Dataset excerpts
________________________
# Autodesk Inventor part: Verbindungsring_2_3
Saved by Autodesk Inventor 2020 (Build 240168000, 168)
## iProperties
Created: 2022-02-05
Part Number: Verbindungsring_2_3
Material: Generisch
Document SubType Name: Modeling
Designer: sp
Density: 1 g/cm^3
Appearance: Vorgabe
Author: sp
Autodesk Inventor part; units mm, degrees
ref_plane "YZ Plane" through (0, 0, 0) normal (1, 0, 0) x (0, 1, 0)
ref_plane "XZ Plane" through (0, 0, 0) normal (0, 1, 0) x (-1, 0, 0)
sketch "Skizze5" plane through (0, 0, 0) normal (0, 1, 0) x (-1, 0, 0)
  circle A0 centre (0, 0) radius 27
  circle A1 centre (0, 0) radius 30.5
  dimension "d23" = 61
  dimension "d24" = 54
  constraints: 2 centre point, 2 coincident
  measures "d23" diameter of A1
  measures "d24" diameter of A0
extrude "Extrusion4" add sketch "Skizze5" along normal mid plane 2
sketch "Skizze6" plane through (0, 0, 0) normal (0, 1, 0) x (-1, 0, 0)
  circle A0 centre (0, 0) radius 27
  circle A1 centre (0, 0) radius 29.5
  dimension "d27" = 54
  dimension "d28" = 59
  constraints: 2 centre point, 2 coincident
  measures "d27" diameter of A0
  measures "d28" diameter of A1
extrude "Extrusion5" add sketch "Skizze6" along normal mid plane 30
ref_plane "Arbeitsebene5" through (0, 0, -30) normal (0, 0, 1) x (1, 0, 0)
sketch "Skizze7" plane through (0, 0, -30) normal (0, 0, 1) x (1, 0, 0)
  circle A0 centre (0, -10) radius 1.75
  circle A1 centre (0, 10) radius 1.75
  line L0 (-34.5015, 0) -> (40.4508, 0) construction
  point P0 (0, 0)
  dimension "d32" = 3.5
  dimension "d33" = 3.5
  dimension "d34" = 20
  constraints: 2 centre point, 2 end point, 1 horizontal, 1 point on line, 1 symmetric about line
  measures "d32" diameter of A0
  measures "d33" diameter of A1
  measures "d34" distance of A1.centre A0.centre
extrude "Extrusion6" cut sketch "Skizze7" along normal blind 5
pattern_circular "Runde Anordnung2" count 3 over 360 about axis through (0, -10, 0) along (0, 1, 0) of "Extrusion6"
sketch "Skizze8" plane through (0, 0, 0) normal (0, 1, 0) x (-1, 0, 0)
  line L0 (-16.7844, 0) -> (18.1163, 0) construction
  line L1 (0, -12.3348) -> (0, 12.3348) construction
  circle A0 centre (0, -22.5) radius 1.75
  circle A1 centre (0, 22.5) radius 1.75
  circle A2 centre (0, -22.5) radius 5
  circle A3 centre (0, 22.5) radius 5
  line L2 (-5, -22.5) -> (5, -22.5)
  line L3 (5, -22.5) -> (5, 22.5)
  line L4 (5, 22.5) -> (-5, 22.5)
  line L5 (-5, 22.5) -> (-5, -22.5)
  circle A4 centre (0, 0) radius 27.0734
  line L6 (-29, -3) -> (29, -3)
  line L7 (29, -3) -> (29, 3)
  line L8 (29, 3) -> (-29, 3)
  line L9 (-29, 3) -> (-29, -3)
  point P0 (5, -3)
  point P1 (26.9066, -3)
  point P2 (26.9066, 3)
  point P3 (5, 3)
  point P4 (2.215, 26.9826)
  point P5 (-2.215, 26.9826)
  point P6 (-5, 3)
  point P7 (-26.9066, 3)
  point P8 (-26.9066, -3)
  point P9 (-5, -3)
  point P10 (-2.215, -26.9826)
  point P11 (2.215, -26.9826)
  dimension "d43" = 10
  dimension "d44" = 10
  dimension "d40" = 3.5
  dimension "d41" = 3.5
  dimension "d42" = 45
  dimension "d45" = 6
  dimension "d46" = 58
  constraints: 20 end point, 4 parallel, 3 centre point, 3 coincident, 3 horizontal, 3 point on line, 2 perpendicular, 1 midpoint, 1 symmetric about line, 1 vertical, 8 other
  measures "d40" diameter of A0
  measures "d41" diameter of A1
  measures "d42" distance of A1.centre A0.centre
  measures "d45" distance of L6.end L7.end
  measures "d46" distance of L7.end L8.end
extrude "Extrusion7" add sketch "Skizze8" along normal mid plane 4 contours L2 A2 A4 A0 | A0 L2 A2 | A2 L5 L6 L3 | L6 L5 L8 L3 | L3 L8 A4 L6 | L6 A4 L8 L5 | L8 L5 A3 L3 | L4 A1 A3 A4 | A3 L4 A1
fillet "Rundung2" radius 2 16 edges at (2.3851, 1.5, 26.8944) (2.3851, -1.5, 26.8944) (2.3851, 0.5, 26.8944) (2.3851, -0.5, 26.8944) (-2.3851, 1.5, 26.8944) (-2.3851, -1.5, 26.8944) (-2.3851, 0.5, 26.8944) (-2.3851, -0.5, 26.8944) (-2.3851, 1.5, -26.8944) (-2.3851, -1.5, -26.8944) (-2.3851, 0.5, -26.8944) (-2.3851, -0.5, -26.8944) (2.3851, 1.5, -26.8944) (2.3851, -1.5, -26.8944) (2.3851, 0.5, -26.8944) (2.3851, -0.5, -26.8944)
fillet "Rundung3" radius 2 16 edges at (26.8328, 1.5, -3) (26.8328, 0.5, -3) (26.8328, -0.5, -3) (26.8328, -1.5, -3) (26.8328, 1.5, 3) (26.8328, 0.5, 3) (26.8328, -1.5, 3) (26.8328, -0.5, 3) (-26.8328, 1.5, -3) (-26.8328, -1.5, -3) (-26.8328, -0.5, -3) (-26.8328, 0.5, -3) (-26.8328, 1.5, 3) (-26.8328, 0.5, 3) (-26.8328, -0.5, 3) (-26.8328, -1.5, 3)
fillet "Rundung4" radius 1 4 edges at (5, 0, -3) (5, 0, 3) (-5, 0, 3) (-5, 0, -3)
________________________
**What you have to do:** Retype only this portion of the data above: the line containing "line L9 (-29, 3) -> (-29, -3)", the line containing "(2.3851, -0.5, -26.8944)", and all lines between them, exactly.

**Written reply:**
  line L9 (-29, 3) -> (-29, -3)
  point P0 (5, -3)
  point P1 (26.9066, -3)
  point P2 (26.9066, 3)
  point P3 (5, 3)
  point P4 (2.215, 26.9826)
  point P5 (-2.215, 26.9826)
  point P6 (-5, 3)
  point P7 (-26.9066, 3)
  point P8 (-26.9066, -3)
  point P9 (-5, -3)
  point P10 (-2.215, -26.9826)
  point P11 (2.215, -26.9826)
  dimension "d43" = 10
  dimension "d44" = 10
  dimension "d40" = 3.5
  dimension "d41" = 3.5
  dimension "d42" = 45
  dimension "d45" = 6
  dimension "d46" = 58
  constraints: 20 end point, 4 parallel, 3 centre point, 3 coincident, 3 horizontal, 3 point on line, 2 perpendicular, 1 midpoint, 1 symmetric about line, 1 vertical, 8 other
  measures "d40" diameter of A0
  measures "d41" diameter of A1
  measures "d42" distance of A1.centre A0.centre
  measures "d45" distance of L6.end L7.end
  measures "d46" distance of L7.end L8.end
extrude "Extrusion7" add sketch "Skizze8" along normal mid plane 4 contours L2 A2 A4 A0 | A0 L2 A2 | A2 L5 L6 L3 | L6 L5 L8 L3 | L3 L8 A4 L6 | L6 A4 L8 L5 | L8 L5 A3 L3 | L4 A1 A3 A4 | A3 L4 A1
fillet "Rundung2" radius 2 16 edges at (2.3851, 1.5, 26.8944) (2.3851, -1.5, 26.8944) (2.3851, 0.5, 26.8944) (2.3851, -0.5, 26.8944) (-2.3851, 1.5, 26.8944) (-2.3851, -1.5, 26.8944) (-2.3851, 0.5, 26.8944) (-2.3851, -0.5, 26.8944) (-2.3851, 1.5, -26.8944) (-2.3851, -1.5, -26.8944) (-2.3851, 0.5, -26.8944) (-2.3851, -0.5, -26.8944) (2.3851, 1.5, -26.8944) (2.3851, -1.5, -26.8944) (2.3851, 0.5, -26.8944) (2.3851, -0.5, -26.8944)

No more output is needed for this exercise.